Sunday, March 30, 2014

BEAMS/HHambiARTnight


The Boreal Electroacoustic Music Society has announced it will match some of the city’s most eclectic visual artists with a variety of audio practitioners for an evening to be dubbed ambiARTnight. This event, co-presented with the Harcourt House Artist Run Centre takes place Saturday, April 5 at 7:30 p.m. at the Harcourt Annex (10211-112 Street). Admission to the all-ages show is $10.

Works ranging from watercolours and acrylics to mixed media and photography will be projected in crossfade zoom animation, while musicians and audio artists will interpret the images through improvisation.
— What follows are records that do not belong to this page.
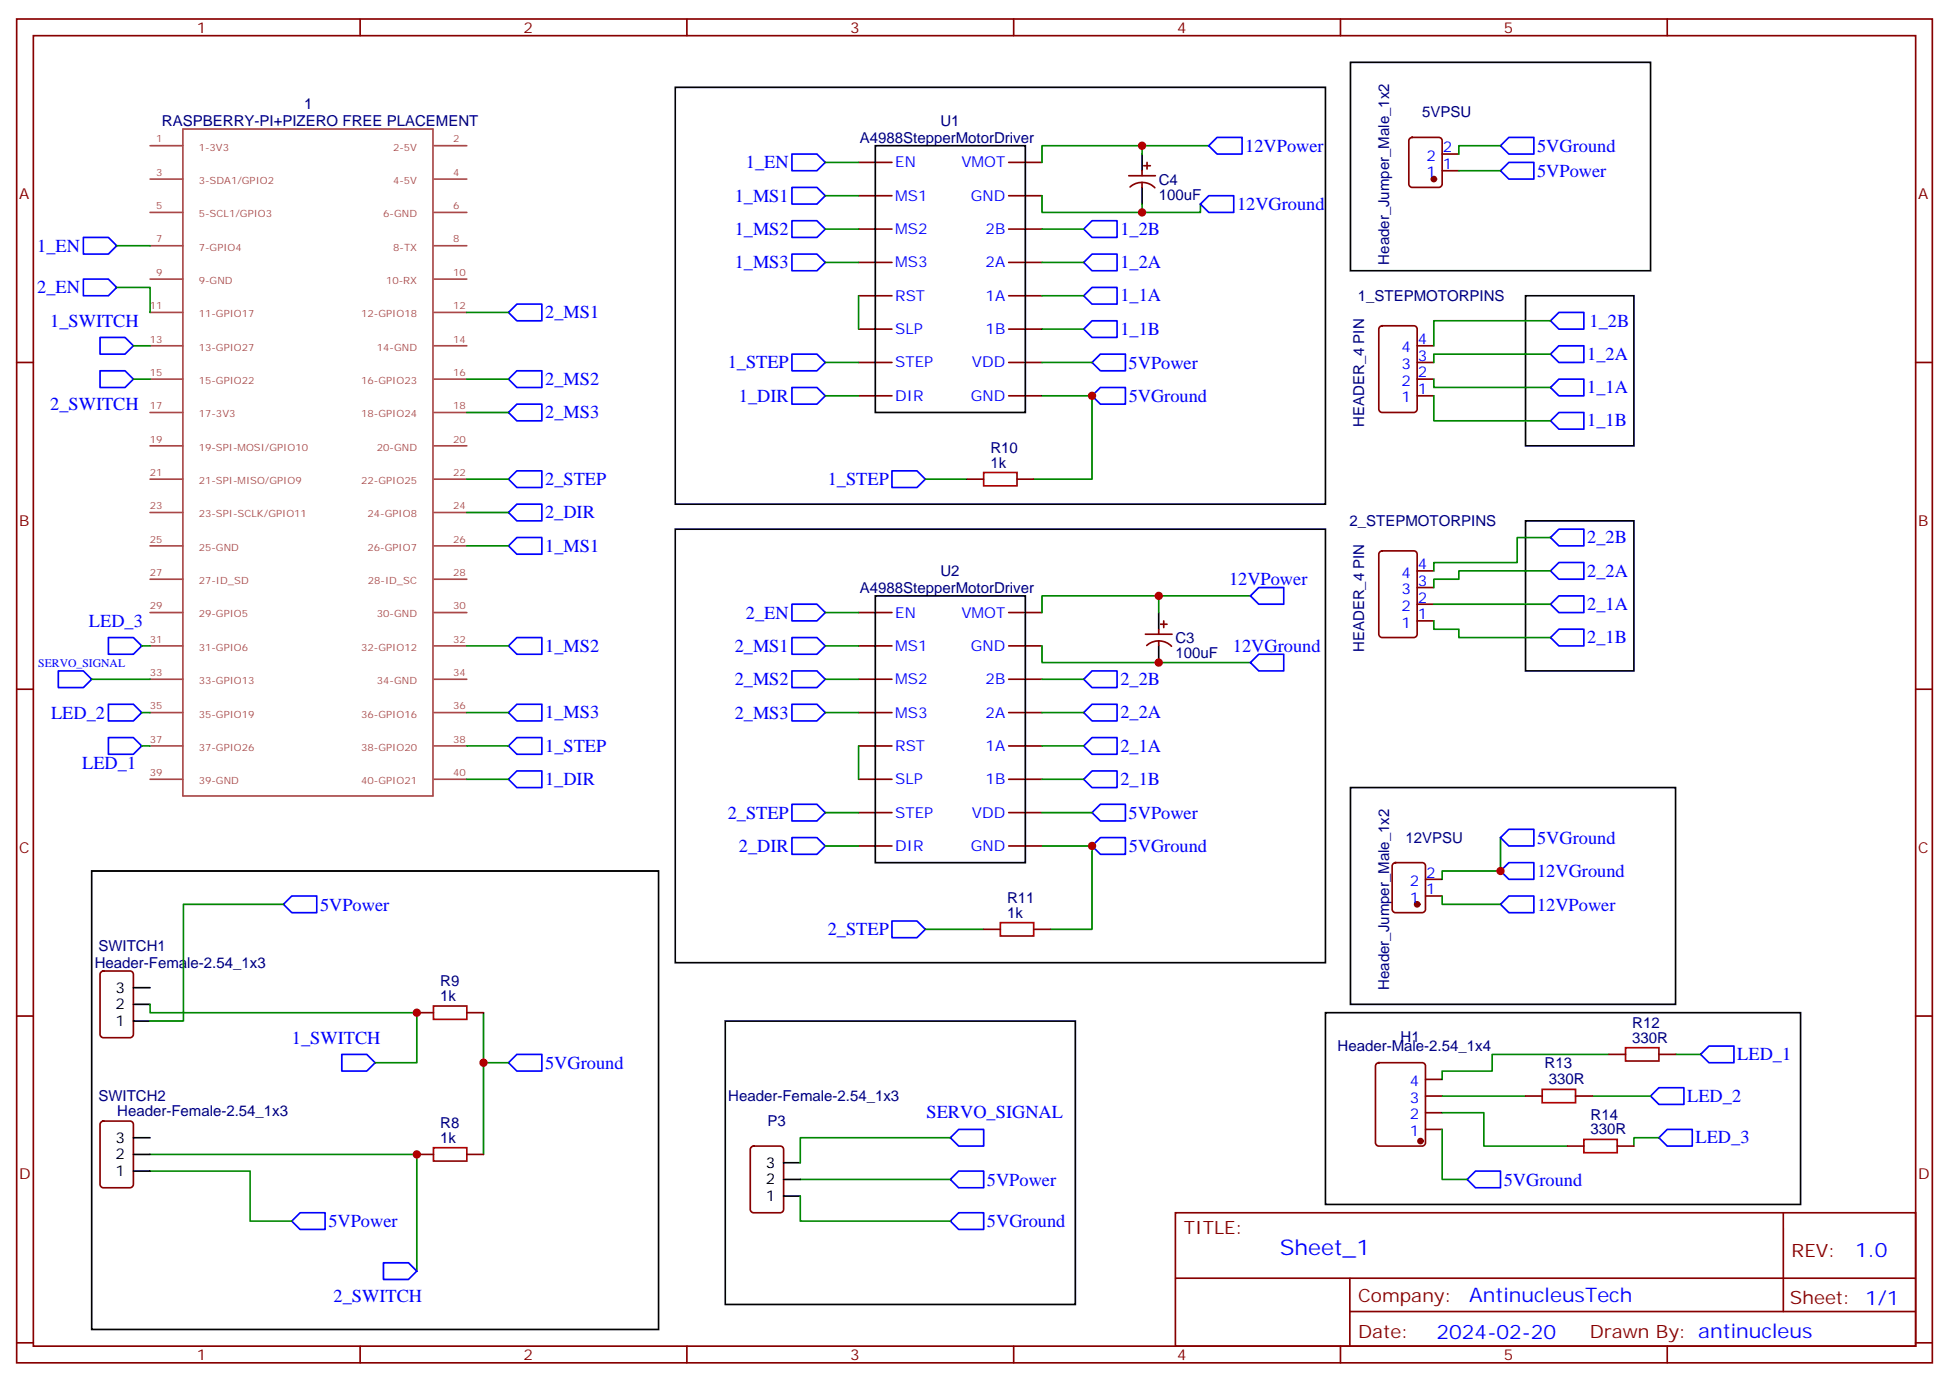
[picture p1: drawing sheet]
<svg xmlns="http://www.w3.org/2000/svg" width="412mm" height="292mm" viewBox="0 0 412 292" stroke-linecap="round" stroke-linejoin="round" font-family="sans-serif">
<g fill="none" stroke="#870000" stroke-width=".35">
<path d="M3.5 4h405.4v284.4h-405.4zM7.1 7.5h398.2v277.3h-398.2zM76.2 4v3.5M145.3 4v3.5M214.5 4v3.5M283.6 4v3.5M352.8 4v3.5M181.7 34.4h7M213.4 34.4h7.1M238.8 37.2h5.7M239.1 39.6a3.8 3.8 0 0 1 5.3 .1M241.7 36.1v1.1"/>
<path d="M241.7 38.6v1.1M242 35.1h1.4M242.7 34.4v1.4M298.3 29.3l.5-.2h5.6a.71 .71 0 0 1 .8 .7v9.1a.76 .76 0 0 1-.8 .8h-5.6a.76 .76 0 0 1-.7-.8v-9.1zM305.2 36.1h3.5M305.2 32.6h3.5M181.7 55.5h7M181.7 48.5h7M181.7 41.4h7M213.4 55.5h7.1M213.4 48.5h7.1M213.4 41.4h7.1"/>
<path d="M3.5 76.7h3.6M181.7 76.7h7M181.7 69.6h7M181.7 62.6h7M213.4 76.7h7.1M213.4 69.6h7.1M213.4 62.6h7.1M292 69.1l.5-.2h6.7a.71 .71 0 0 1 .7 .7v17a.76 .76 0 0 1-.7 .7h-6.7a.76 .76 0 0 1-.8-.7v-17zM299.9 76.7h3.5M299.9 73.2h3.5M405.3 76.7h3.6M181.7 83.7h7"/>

Pairing of visual and audio artists is as follows:

  • Mixed media artist Glenys Switzer, whose exhibition credits include the Harcourt Annex, Edmonton City Hall and the McMullen Gallery, will have her work interpreted by guitarist Bill Damur, whose performance background runs the gamut from the ESO to Moebius Flip.  
  •  Communications Guru and acrylics painter Marliss Weber, recently having works put on permanent display at Studio J Urban Spa and the Derrick Club, will have her collection undergo an alternative electronic treatment by electronic artist Bong Sample.
  • Photographer, journalist and social activist Paula E. Kirman’s photos will receive a unique sonic treatment by agaperaygunexperiment and Aphotic Numen bassist Shannon Land. 
  • Emerging watercolours artist Stephen Sereda’s works will be accompanied by Gene Kosowan on an undisclosed processor.
Registered as a not-for-profit organization under the Alberta Societies Act and founded in 1989, the Boreal Electroacoustic Music Society has been dedicated to the production and promotion of sound-oriented experimentation. BEAMS uses the broadest and most inclusive definition of electroacoustic music, welcoming creativity in any medium. Members perform several concerts a year in addition to occasional recordings, festivals and workshops.


Saturday, March 29, 2014

Soundtracking with a handful of BEAMers!

Sound artists Trio Latitude (Gary James Joynes, Shawn Pinchbeck, Scott Smallwood) are slated to provide a unique electroacoustic treatment of a 1963 Czech science-fiction classic in this special, all-ages, one-night event. Admission is $10 at the door.

To allow for this presentation, the movie, shown in black and whi...te and clocking in at an hour and 22 minutes, will be shown in a silent format with English subtitles.

Ikarie XB-1 is a 1963 Czechoslovak science fiction film that was edited and dubbed into English for release in the USA, where it is known by its alternate title, Voyage to the End of the Universe.

While it shows some influence from earlier American ventures such as Forbidden Planet, the film was also influential in its own right—critics have noted a number of similarities between Ikarie XB-1 and Stanley Kubrick's 1968 film 2001: A Space Odyssey and it is believed to have been one of many films Kubrick screened while researching 2001.

As well, its concept of a mobile community in space paralleled TV producer Gene Roddenberry’s vision of a “wagon train to the stars,” which sowed the seeds for the landmark TV series Star Trek in 1966.